Here's what I propose is going on. I do think there's a theological reason for Moses' reporting things differently in Deuteronomy 1. In Numbers, the concern is largely getting down what happened in order. But in Deuteronomy, Moses is giving a speech to the people on the eve of their entrance to the land. Moses' overall point is that the good report is all they needed, and the false report (not given here as a report by the spies but given in Numbers as exactly that) is irrelevant. Moses' leaving it out in this speech would be glaringly obvious to the Israelites, who had just spent 40 years wandering around because their parents and grandparents had heeded that report.

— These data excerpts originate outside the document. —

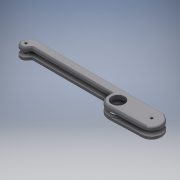
# Autodesk Inventor part: Arm 20X - forearm r
Saved by Autodesk Inventor 2017 (Build 210142000, 142)
## iProperties
Created: 2016-03-29
Part Number: Arm 20X - forearm r
Material: Generic
Document SubType Name: Modeling
Designer: Ali
Density: 1 g/cm^3
Appearance: Default
Author: Ali
Autodesk Inventor part; units mm, degrees
ref_plane "YZ Plane" through (0, 0, 0) normal (1, 0, 0) x (0, 1, 0)
ref_plane "XZ Plane" through (0, 0, 0) normal (0, 1, 0) x (-1, 0, 0)
sketch "Sketch1" plane through (0, 0, 0) normal (0, 0, 1) x (1, 0, 0)
  circle A0 centre (0, 0) radius 11
  circle A1 centre (-160, 5.5) radius 2.15
  circle A2 centre (54.4, 2) radius 2.15
  arc A3 (54.9829, -15.1401) -> (63.0119, 16.831) centre (54.4, 2) ccw
  arc A4 (-166.8053, 11) -> (-153.1947, 0) centre (-160, 5.5) ccw
  arc A5 (-17, 0) -> (0.5778, -16.9902) centre (0, 0) ccw
  line L0 (-262.8088, 0) -> (191.982, 0) construction
  line L1 (54.9829, -15.1401) -> (0.5778, -16.9902)
  line L2 (63.0119, 16.831) -> (57.1634, 20.227)
  line L3 (57.1634, 20.227) -> (-159.3481, 20.227)
  line L4 (-159.3481, 20.227) -> (-166.8053, 11)
  line L5 (-17, 0) -> (-17, 5.239)
  line L6 (-17, 5.239) -> (-148.9605, 5.239)
  line L7 (-148.9605, 5.239) -> (-153.1947, 0)
  dimension "d0" = 22
  dimension "d1" = 4.3
  dimension "d2" = 160
  dimension "d3" = 5.5
  dimension "d4" = 4.3
  dimension "d5" = 54.4
  dimension "d6" = 2
  dimension "d7" = 15
  dimension "d9" = 6
  dimension "d20" = 6.6
  constraints: 16 end point, 7 point on circle, 6 centre point, 6 tangent, 3 horizontal, 3 point on line, 1 coincident, 1 parallel, 1 vertical
  measures "d0" diameter of A0
  measures "d1" diameter of A1
  measures "d2" horizontal distance of A1.centre point (0, 0)
  measures "d3" vertical distance of A1.centre point (0, 0)
  measures "d4" diameter of A2
  measures "d5" horizontal distance of A2.centre point (0, 0)
  measures "d6" vertical distance of A2.centre point (0, 0)
  measures "d7" radial gap between concentric circles of A2 A3
  measures "d9" radial gap between concentric circles of A0 A5
  measures "d20" radial gap between concentric circles of A4 A1
extrude "Extrusion1" add sketch "Sketch1" along normal blind 6
sketch "Sketch2" plane through (0, 0, 6) normal (0, 0, 1) x (1, 0, 0)
  circle A0 centre (0, 0) radius 11 projected
  circle A1 centre (0, 0) radius 17
  constraints: 1 centre point, 1 coincident
extrude "Extrusion2" add sketch "Sketch2" along normal blind 1
fillet "Fillet2" radius 3 5 edges at (-165.5, -1.3053, 0) (-11.8148, -12.2234, 0) (71.0335, -2.1772, 0) (-51.0924, 20.227, 0) (-82.9803, 5.239, 0)
ref_plane "Work Plane1" through (0, 0, 10.3) normal (0, 0, -1) x (-1, 0, 0)
mirror "Mirror2" about plane through (0, 0, 10.3) normal (0, 0, -1) of "Extrusion1", "Fillet2", "Extrusion2"
body "Solid1"
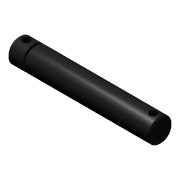
# Autodesk Inventor part: pino_a3
Saved by Autodesk Inventor 2012 SP2 (Build 160219200, 219)
## iProperties
Created: 2015-05-25
Part Number: pino_a3
Material: Aço carbono
Document SubType Name: Modeling
Designer: Projeto02
Density: 7.87 g/cm^3
Mass: 31.1389 g
Surface Area: 19.5859 cm^2
Volume: 3.95665 cm^3
Author: Projeto02
Autodesk Inventor part; units mm, degrees
ref_plane "YZ Plane" through (0, 0, 0) normal (1, 0, 0) x (0, 1, 0)
ref_plane "XZ Plane" through (0, 0, 0) normal (0, 1, 0) x (-1, 0, 0)
ref_plane "XY Plane" through (0, 0, 0) normal (0, 0, 1) x (1, 0, 0)
sketch "Esboço2" plane through (0, 0, 0) normal (1, 0, 0) x (0, 1, 0)
  circle A0 centre (0, 0) radius 4.7625
  dimension "d0" = 9.525
  constraints: 1 centre point, 1 coincident
  measures "d0" diameter of A0
extrude "Extrusão1" add sketch "Esboço2" along normal blind 6
sketch "Esboço3" plane through (6, 0, 0) normal (1, 0, 0) x (0, 0, -1)
  circle A0 centre (0, 0) radius 4.7625 projected
  circle A1 centre (0, 0) radius 3.5719
  dimension "d3" = 7.1437
  constraints: 1 centre point, 1 coincident
  measures "d3" diameter of A1
extrude "Extrusão2" add sketch "Esboço3" along normal blind 1 contours A1
sketch "Esboço4" plane through (7, 0, 0) normal (1, 0, 0) x (0, 0, -1)
  circle A0 centre (0, 0) radius 3.5719 projected
  circle A1 centre (0, 0) radius 4.7625
  dimension "d6" = 9.525
  constraints: 1 centre point, 1 coincident
  measures "d6" diameter of A1
extrude "Extrusão3" add sketch "Esboço4" along normal blind 50 contours A0 | A1
chamfer "Chanfro1" distance 0.5 angle 45 2 edges at (0, -4.7625, 0) (57, 0, 4.7625)
sketch "Esboço7" plane through (0, 0, 0) normal (0, 0, 1) x (1, 0, 0)
  line L0 (57, 4.2625) -> (57, -4.2625) projected
  line L1 (0, -4.2625) -> (0, 4.2625) projected
  point P0 (0, 0)
  point P1 (54, 0)
  point P2 (3, 0)
  dimension "d18" = 3
  dimension "d33" = 3
  constraints: 1 horizontal alignment
  measures "d18" distance from line of L0 point (54, 0)
  measures "d33" distance from line of point (3, 0) L1
hole "Furo1" at (54, 0, 0) at (3, 0, 0) direction (0, 0, -1) diameter 3 end through all
hole "Furo2" at (54, 0, 0) at (3, 0, 0) direction (0, 0, 1) diameter 3 end through all
equation "\"d33\" = d18"

In Numbers, the spies did indeed give the positive information Moses here says they gave, and the people (who happened to include most of the spies) responded wrongly to it, assuming God to be unable to achieve his promises to them. It just happens that the majority report of the spies was part of that bad response. Moses allows the response of the people to capture the content of the spies' report, not because he (or the author of the book if it's someone else) wants to hide the fact that the leaders of each tribe were involved in the bad report from the very return of the spies but because he wanted to separate that bad report from the content of the good report that should have been all the people needed, given a sufficiently high view of the God who had revealed himself to this people over and over as a good God who cares about them and who has the power to back up his promises.

So this seems to be a case of selective reported based on ideology (of a sort), but it seems perfectly fine in this context to do that. It would be interesting to work out what sorts of general principles allow for the moral legitimacy of selective reporting based on ideology, and I won't do that now, but I think this is an interesting example of a phenomenon that I'm sure will occur in other kinds of situations.